Material supplied:
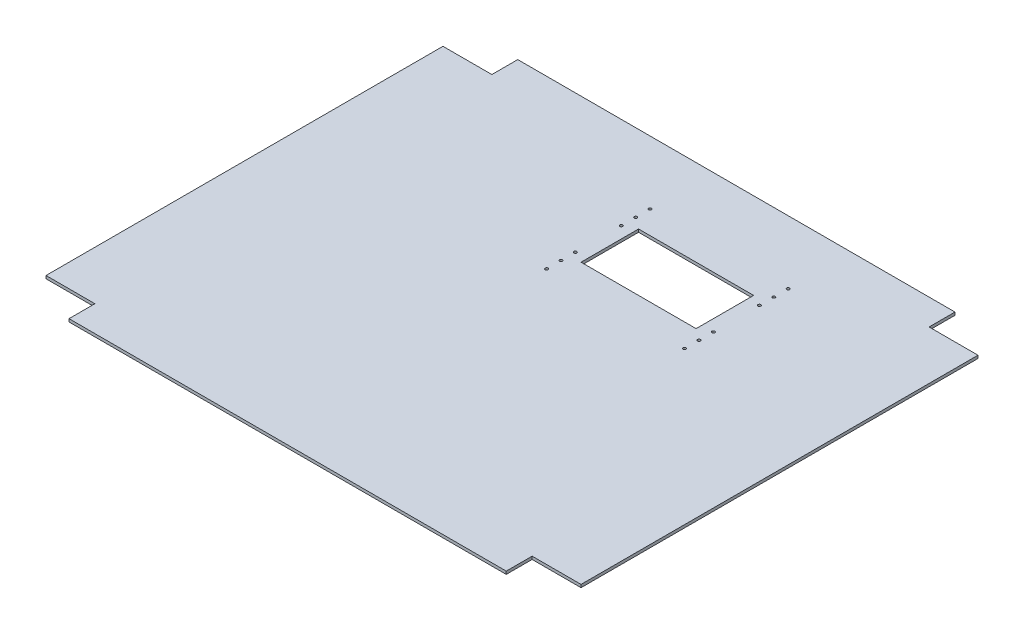
ISO-10303-21;
HEADER;
FILE_DESCRIPTION(('STEP AP214'),'2;1');
FILE_NAME('part.step','',(''),(''),'','','');
FILE_SCHEMA(('AUTOMOTIVE_DESIGN { 1 0 10303 214 1 1 1 1 }'));
ENDSEC;
DATA;
#1=APPLICATION_CONTEXT('core data for automotive mechanical design processes');
#2=APPLICATION_PROTOCOL_DEFINITION('international standard','automotive_design',2000,#1);
#3=PRODUCT_CONTEXT('',#1,'mechanical');
#4=PRODUCT('Part','Part','',(#3));
#5=PRODUCT_RELATED_PRODUCT_CATEGORY('part','',(#4));
#6=PRODUCT_DEFINITION_FORMATION('','',#4);
#7=PRODUCT_DEFINITION_CONTEXT('part definition',#1,'design');
#8=PRODUCT_DEFINITION('design','',#6,#7);
#9=PRODUCT_DEFINITION_SHAPE('','',#8);
#10=(LENGTH_UNIT() NAMED_UNIT(*) SI_UNIT(.MILLI.,.METRE.));
#11=(NAMED_UNIT(*) PLANE_ANGLE_UNIT() SI_UNIT($,.RADIAN.));
#12=(NAMED_UNIT(*) SI_UNIT($,.STERADIAN.) SOLID_ANGLE_UNIT());
#13=UNCERTAINTY_MEASURE_WITH_UNIT(LENGTH_MEASURE(1.E-05),#10,'distance_accuracy_value','');
#14=(GEOMETRIC_REPRESENTATION_CONTEXT(3) GLOBAL_UNCERTAINTY_ASSIGNED_CONTEXT((#13)) GLOBAL_UNIT_ASSIGNED_CONTEXT((#10,
#11,#12)) REPRESENTATION_CONTEXT('',''));
#15=CARTESIAN_POINT('',(0.,0.,0.));
#16=DIRECTION('',(0.,0.,1.));
#17=DIRECTION('',(1.,0.,0.));
#18=AXIS2_PLACEMENT_3D('',#15,#16,#17);
#19=CARTESIAN_POINT('',(0.,0.,0.));
#20=DIRECTION('',(0.,-1.,0.));
#21=DIRECTION('',(0.,0.,-1.));
#22=AXIS2_PLACEMENT_3D('',#19,#20,#21);
#23=PLANE('',#22);
#24=CARTESIAN_POINT('',(200.,0.,-125.));
#25=DIRECTION('',(0.,1.,0.));
#26=DIRECTION('',(0.,0.,1.));
#27=AXIS2_PLACEMENT_3D('',#24,#25,#26);
#28=CIRCLE('',#27,2.5);
#29=CARTESIAN_POINT('',(200.,0.,-122.5));
#30=VERTEX_POINT('',#29);
#31=EDGE_CURVE('E656',#30,#30,#28,.T.);
#32=ORIENTED_EDGE('',*,*,#31,.F.);
#33=EDGE_LOOP('',(#32));
#34=FACE_BOUND('',#33,.T.);
#35=CARTESIAN_POINT('',(200.,0.,-280.));
#36=DIRECTION('',(0.,1.,0.));
#37=DIRECTION('',(0.,0.,1.));
#38=AXIS2_PLACEMENT_3D('',#35,#36,#37);
#39=CIRCLE('',#38,2.5);
#40=CARTESIAN_POINT('',(200.,0.,-277.5));
#41=VERTEX_POINT('',#40);
#42=EDGE_CURVE('E670',#41,#41,#39,.T.);
#43=ORIENTED_EDGE('',*,*,#42,.F.);
#44=EDGE_LOOP('',(#43));
#45=FACE_BOUND('',#44,.T.);
#46=CARTESIAN_POINT('',(200.,0.,-230.));
#47=DIRECTION('',(0.,1.,0.));
#48=DIRECTION('',(0.,0.,1.));
#49=AXIS2_PLACEMENT_3D('',#46,#47,#48);
#50=CIRCLE('',#49,2.5);
#51=CARTESIAN_POINT('',(200.,0.,-227.5));
#52=VERTEX_POINT('',#51);
#53=EDGE_CURVE('E682',#52,#52,#50,.T.);
#54=ORIENTED_EDGE('',*,*,#53,.F.);
#55=EDGE_LOOP('',(#54));
#56=FACE_BOUND('',#55,.T.);
#57=CARTESIAN_POINT('',(-40.0000000000005,0.,-125.));
#58=DIRECTION('',(0.,1.,0.));
#59=DIRECTION('',(0.,0.,1.));
#60=AXIS2_PLACEMENT_3D('',#57,#58,#59);
#61=CIRCLE('',#60,2.5);
#62=CARTESIAN_POINT('',(-40.0000000000005,0.,-122.5));
#63=VERTEX_POINT('',#62);
#64=EDGE_CURVE('E694',#63,#63,#61,.T.);
#65=ORIENTED_EDGE('',*,*,#64,.F.);
#66=EDGE_LOOP('',(#65));
#67=FACE_BOUND('',#66,.T.);
#68=DIRECTION('',(0.,0.,1.));
#69=VECTOR('',#68,1.);
#70=CARTESIAN_POINT('',(-465.,0.,390.));
#71=LINE('',#70,#69);
#72=CARTESIAN_POINT('',(-465.,0.,-345.));
#73=VERTEX_POINT('',#72);
#74=CARTESIAN_POINT('',(-465.,0.,345.));
#75=VERTEX_POINT('',#74);
#76=EDGE_CURVE('E254',#73,#75,#71,.T.);
#77=ORIENTED_EDGE('',*,*,#76,.T.);
#78=DIRECTION('',(-1.,0.,0.));
#79=VECTOR('',#78,1.);
#80=CARTESIAN_POINT('',(-465.,0.,345.));
#81=LINE('',#80,#79);
#82=CARTESIAN_POINT('',(-380.,0.,345.));
#83=VERTEX_POINT('',#82);
#84=EDGE_CURVE('E175',#83,#75,#81,.T.);
#85=ORIENTED_EDGE('',*,*,#84,.F.);
#86=DIRECTION('',(0.,0.,-1.));
#87=VECTOR('',#86,1.);
#88=CARTESIAN_POINT('',(-380.,0.,390.));
#89=LINE('',#88,#87);
#90=CARTESIAN_POINT('',(-380.,0.,390.));
#91=VERTEX_POINT('',#90);
#92=EDGE_CURVE('E167',#91,#83,#89,.T.);
#93=ORIENTED_EDGE('',*,*,#92,.F.);
#94=DIRECTION('',(1.,0.,0.));
#95=VECTOR('',#94,1.);
#96=CARTESIAN_POINT('',(-465.,0.,390.));
#97=LINE('',#96,#95);
#98=CARTESIAN_POINT('',(380.,0.,390.));
#99=VERTEX_POINT('',#98);
#100=EDGE_CURVE('E21',#91,#99,#97,.T.);
#101=ORIENTED_EDGE('',*,*,#100,.T.);
#102=DIRECTION('',(0.,0.,1.));
#103=VECTOR('',#102,1.);
#104=CARTESIAN_POINT('',(380.,0.,390.));
#105=LINE('',#104,#103);
#106=CARTESIAN_POINT('',(380.,0.,345.));
#107=VERTEX_POINT('',#106);
#108=EDGE_CURVE('E193',#107,#99,#105,.T.);
#109=ORIENTED_EDGE('',*,*,#108,.F.);
#110=DIRECTION('',(-1.,0.,0.));
#111=VECTOR('',#110,1.);
#112=CARTESIAN_POINT('',(465.,0.,345.));
#113=LINE('',#112,#111);
#114=CARTESIAN_POINT('',(465.,0.,345.));
#115=VERTEX_POINT('',#114);
#116=EDGE_CURVE('E185',#115,#107,#113,.T.);
#117=ORIENTED_EDGE('',*,*,#116,.F.);
#118=DIRECTION('',(0.,0.,-1.));
#119=VECTOR('',#118,1.);
#120=CARTESIAN_POINT('',(465.,0.,390.));
#121=LINE('',#120,#119);
#122=CARTESIAN_POINT('',(465.,0.,-345.));
#123=VERTEX_POINT('',#122);
#124=EDGE_CURVE('E242',#115,#123,#121,.T.);
#125=ORIENTED_EDGE('',*,*,#124,.T.);
#126=DIRECTION('',(1.,0.,0.));
#127=VECTOR('',#126,1.);
#128=CARTESIAN_POINT('',(465.,0.,-345.));
#129=LINE('',#128,#127);
#130=CARTESIAN_POINT('',(380.,0.,-345.));
#131=VERTEX_POINT('',#130);
#132=EDGE_CURVE('E212',#131,#123,#129,.T.);
#133=ORIENTED_EDGE('',*,*,#132,.F.);
#134=DIRECTION('',(0.,0.,1.));
#135=VECTOR('',#134,1.);
#136=CARTESIAN_POINT('',(380.,0.,-390.));
#137=LINE('',#136,#135);
#138=CARTESIAN_POINT('',(380.,0.,-390.));
#139=VERTEX_POINT('',#138);
#140=EDGE_CURVE('E204',#139,#131,#137,.T.);
#141=ORIENTED_EDGE('',*,*,#140,.F.);
#142=DIRECTION('',(-1.,0.,0.));
#143=VECTOR('',#142,1.);
#144=CARTESIAN_POINT('',(-465.,0.,-390.));
#145=LINE('',#144,#143);
#146=CARTESIAN_POINT('',(-380.,0.,-390.));
#147=VERTEX_POINT('',#146);
#148=EDGE_CURVE('E253',#139,#147,#145,.T.);
#149=ORIENTED_EDGE('',*,*,#148,.T.);
#150=DIRECTION('',(0.,0.,-1.));
#151=VECTOR('',#150,1.);
#152=CARTESIAN_POINT('',(-380.,0.,-390.));
#153=LINE('',#152,#151);
#154=CARTESIAN_POINT('',(-380.,0.,-345.));
#155=VERTEX_POINT('',#154);
#156=EDGE_CURVE('E231',#155,#147,#153,.T.);
#157=ORIENTED_EDGE('',*,*,#156,.F.);
#158=DIRECTION('',(1.,0.,0.));
#159=VECTOR('',#158,1.);
#160=CARTESIAN_POINT('',(-465.,0.,-345.));
#161=LINE('',#160,#159);
#162=EDGE_CURVE('E223',#73,#155,#161,.T.);
#163=ORIENTED_EDGE('',*,*,#162,.F.);
#164=EDGE_LOOP('',(#77,#85,#93,#101,#109,#117,#125,#133,#141,#149,#157,#163));
#165=FACE_BOUND('',#164,.T.);
#166=DIRECTION('',(-1.,0.,0.));
#167=VECTOR('',#166,1.);
#168=CARTESIAN_POINT('',(-20.0000000000002,0.,-240.));
#169=LINE('',#168,#167);
#170=CARTESIAN_POINT('',(180.,0.,-240.));
#171=VERTEX_POINT('',#170);
#172=CARTESIAN_POINT('',(-20.0000000000002,0.,-240.));
#173=VERTEX_POINT('',#172);
#174=EDGE_CURVE('E161',#171,#173,#169,.T.);
#175=ORIENTED_EDGE('',*,*,#174,.F.);
#176=DIRECTION('',(0.,0.,-1.));
#177=VECTOR('',#176,1.);
#178=CARTESIAN_POINT('',(180.,0.,-240.));
#179=LINE('',#178,#177);
#180=CARTESIAN_POINT('',(180.,0.,-140.));
#181=VERTEX_POINT('',#180);
#182=EDGE_CURVE('E42',#181,#171,#179,.T.);
#183=ORIENTED_EDGE('',*,*,#182,.F.);
#184=DIRECTION('',(1.,0.,0.));
#185=VECTOR('',#184,1.);
#186=CARTESIAN_POINT('',(-20.0000000000002,0.,-140.));
#187=LINE('',#186,#185);
#188=CARTESIAN_POINT('',(-20.0000000000002,0.,-140.));
#189=VERTEX_POINT('',#188);
#190=EDGE_CURVE('E149',#189,#181,#187,.T.);
#191=ORIENTED_EDGE('',*,*,#190,.F.);
#192=DIRECTION('',(0.,0.,1.));
#193=VECTOR('',#192,1.);
#194=CARTESIAN_POINT('',(-20.0000000000002,0.,-240.));
#195=LINE('',#194,#193);
#196=EDGE_CURVE('E152',#173,#189,#195,.T.);
#197=ORIENTED_EDGE('',*,*,#196,.F.);
#198=EDGE_LOOP('',(#175,#183,#191,#197));
#199=FACE_BOUND('',#198,.T.);
#200=CARTESIAN_POINT('',(-40.,0.,-230.));
#201=DIRECTION('',(0.,1.,0.));
#202=DIRECTION('',(0.,0.,1.));
#203=AXIS2_PLACEMENT_3D('',#200,#201,#202);
#204=CIRCLE('',#203,2.5);
#205=CARTESIAN_POINT('',(-40.,0.,-227.5));
#206=VERTEX_POINT('',#205);
#207=EDGE_CURVE('E717',#206,#206,#204,.T.);
#208=ORIENTED_EDGE('',*,*,#207,.F.);
#209=EDGE_LOOP('',(#208));
#210=FACE_BOUND('',#209,.T.);
#211=CARTESIAN_POINT('',(-40.,0.,-255.));
#212=DIRECTION('',(0.,1.,0.));
#213=DIRECTION('',(0.,0.,1.));
#214=AXIS2_PLACEMENT_3D('',#211,#212,#213);
#215=CIRCLE('',#214,2.5);
#216=CARTESIAN_POINT('',(-40.,0.,-252.5));
#217=VERTEX_POINT('',#216);
#218=EDGE_CURVE('E712',#217,#217,#215,.T.);
#219=ORIENTED_EDGE('',*,*,#218,.F.);
#220=EDGE_LOOP('',(#219));
#221=FACE_BOUND('',#220,.T.);
#222=CARTESIAN_POINT('',(-40.,0.,-280.));
#223=DIRECTION('',(0.,1.,0.));
#224=DIRECTION('',(0.,0.,1.));
#225=AXIS2_PLACEMENT_3D('',#222,#223,#224);
#226=CIRCLE('',#225,2.5);
#227=CARTESIAN_POINT('',(-40.,0.,-277.5));
#228=VERTEX_POINT('',#227);
#229=EDGE_CURVE('E706',#228,#228,#226,.T.);
#230=ORIENTED_EDGE('',*,*,#229,.F.);
#231=EDGE_LOOP('',(#230));
#232=FACE_BOUND('',#231,.T.);
#233=CARTESIAN_POINT('',(-40.0000000000005,0.,-100.));
#234=DIRECTION('',(0.,1.,0.));
#235=DIRECTION('',(0.,0.,1.));
#236=AXIS2_PLACEMENT_3D('',#233,#234,#235);
#237=CIRCLE('',#236,2.5);
#238=CARTESIAN_POINT('',(-40.0000000000005,0.,-97.5));
#239=VERTEX_POINT('',#238);
#240=EDGE_CURVE('E700',#239,#239,#237,.T.);
#241=ORIENTED_EDGE('',*,*,#240,.F.);
#242=EDGE_LOOP('',(#241));
#243=FACE_BOUND('',#242,.T.);
#244=CARTESIAN_POINT('',(-40.0000000000005,0.,-150.));
#245=DIRECTION('',(0.,1.,0.));
#246=DIRECTION('',(0.,0.,1.));
#247=AXIS2_PLACEMENT_3D('',#244,#245,#246);
#248=CIRCLE('',#247,2.5);
#249=CARTESIAN_POINT('',(-40.0000000000005,0.,-147.5));
#250=VERTEX_POINT('',#249);
#251=EDGE_CURVE('E688',#250,#250,#248,.T.);
#252=ORIENTED_EDGE('',*,*,#251,.F.);
#253=EDGE_LOOP('',(#252));
#254=FACE_BOUND('',#253,.T.);
#255=CARTESIAN_POINT('',(200.,0.,-255.));
#256=DIRECTION('',(0.,1.,0.));
#257=DIRECTION('',(0.,0.,1.));
#258=AXIS2_PLACEMENT_3D('',#255,#256,#257);
#259=CIRCLE('',#258,2.5);
#260=CARTESIAN_POINT('',(200.,0.,-252.5));
#261=VERTEX_POINT('',#260);
#262=EDGE_CURVE('E676',#261,#261,#259,.T.);
#263=ORIENTED_EDGE('',*,*,#262,.F.);
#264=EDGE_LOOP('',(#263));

What the exercise asks: Everything starting at the line containing "#50=CIRCLE('',#49,2.5);" and ending at the line containing "#65=ORIENTED_EDGE('',*,*,#64,.F.);" in the records above should be repeated exactly, and only that.

Your solution:
#50=CIRCLE('',#49,2.5);
#51=CARTESIAN_POINT('',(200.,0.,-227.5));
#52=VERTEX_POINT('',#51);
#53=EDGE_CURVE('E682',#52,#52,#50,.T.);
#54=ORIENTED_EDGE('',*,*,#53,.F.);
#55=EDGE_LOOP('',(#54));
#56=FACE_BOUND('',#55,.T.);
#57=CARTESIAN_POINT('',(-40.0000000000005,0.,-125.));
#58=DIRECTION('',(0.,1.,0.));
#59=DIRECTION('',(0.,0.,1.));
#60=AXIS2_PLACEMENT_3D('',#57,#58,#59);
#61=CIRCLE('',#60,2.5);
#62=CARTESIAN_POINT('',(-40.0000000000005,0.,-122.5));
#63=VERTEX_POINT('',#62);
#64=EDGE_CURVE('E694',#63,#63,#61,.T.);
#65=ORIENTED_EDGE('',*,*,#64,.F.);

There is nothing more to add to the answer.